BEGIN DATA SHOWN

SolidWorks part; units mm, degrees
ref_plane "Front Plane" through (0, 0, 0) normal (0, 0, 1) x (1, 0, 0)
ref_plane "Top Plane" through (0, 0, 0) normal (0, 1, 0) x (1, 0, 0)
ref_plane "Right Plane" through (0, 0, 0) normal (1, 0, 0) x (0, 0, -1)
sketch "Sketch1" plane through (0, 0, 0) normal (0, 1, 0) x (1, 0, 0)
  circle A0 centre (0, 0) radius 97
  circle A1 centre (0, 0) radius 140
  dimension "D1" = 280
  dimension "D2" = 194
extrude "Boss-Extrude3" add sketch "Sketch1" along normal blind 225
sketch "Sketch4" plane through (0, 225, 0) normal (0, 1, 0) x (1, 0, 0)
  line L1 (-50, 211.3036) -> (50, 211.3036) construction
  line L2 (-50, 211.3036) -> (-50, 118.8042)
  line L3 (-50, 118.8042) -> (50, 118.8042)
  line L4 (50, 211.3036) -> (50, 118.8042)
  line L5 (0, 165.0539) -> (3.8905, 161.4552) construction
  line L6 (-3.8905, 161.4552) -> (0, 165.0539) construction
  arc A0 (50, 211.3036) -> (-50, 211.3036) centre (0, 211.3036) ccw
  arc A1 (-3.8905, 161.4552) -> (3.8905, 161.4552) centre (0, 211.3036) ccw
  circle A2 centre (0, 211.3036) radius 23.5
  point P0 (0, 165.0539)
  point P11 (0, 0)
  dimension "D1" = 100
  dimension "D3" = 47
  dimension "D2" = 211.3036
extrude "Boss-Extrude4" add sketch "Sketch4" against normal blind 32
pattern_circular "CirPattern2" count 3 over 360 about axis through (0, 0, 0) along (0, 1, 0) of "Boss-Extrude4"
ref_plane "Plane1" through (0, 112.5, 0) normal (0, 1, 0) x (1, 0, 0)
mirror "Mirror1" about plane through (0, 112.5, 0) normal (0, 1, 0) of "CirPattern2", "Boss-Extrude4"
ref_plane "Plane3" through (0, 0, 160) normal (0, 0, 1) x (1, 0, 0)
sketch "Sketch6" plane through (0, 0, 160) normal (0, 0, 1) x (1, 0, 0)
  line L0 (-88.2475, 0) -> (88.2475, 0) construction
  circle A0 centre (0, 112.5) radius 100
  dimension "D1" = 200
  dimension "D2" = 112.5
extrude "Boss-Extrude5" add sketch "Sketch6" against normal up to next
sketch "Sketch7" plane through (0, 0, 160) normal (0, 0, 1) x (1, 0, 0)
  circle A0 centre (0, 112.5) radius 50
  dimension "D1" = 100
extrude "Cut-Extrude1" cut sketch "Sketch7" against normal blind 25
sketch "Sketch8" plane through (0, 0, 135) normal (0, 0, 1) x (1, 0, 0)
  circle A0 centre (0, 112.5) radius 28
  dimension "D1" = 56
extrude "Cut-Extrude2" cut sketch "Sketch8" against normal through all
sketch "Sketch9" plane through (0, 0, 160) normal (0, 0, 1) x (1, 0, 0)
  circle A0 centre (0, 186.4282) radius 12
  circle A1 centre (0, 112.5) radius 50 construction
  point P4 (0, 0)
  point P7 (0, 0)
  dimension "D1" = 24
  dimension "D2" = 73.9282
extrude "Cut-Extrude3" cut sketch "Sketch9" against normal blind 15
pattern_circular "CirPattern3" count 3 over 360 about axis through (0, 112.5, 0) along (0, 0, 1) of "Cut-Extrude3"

END DATA SHOWN

TASK STATEMENT
Tell me how many lines in the entries contain the string "over", and give nothing besides that number.

YOUR SOLUTION
2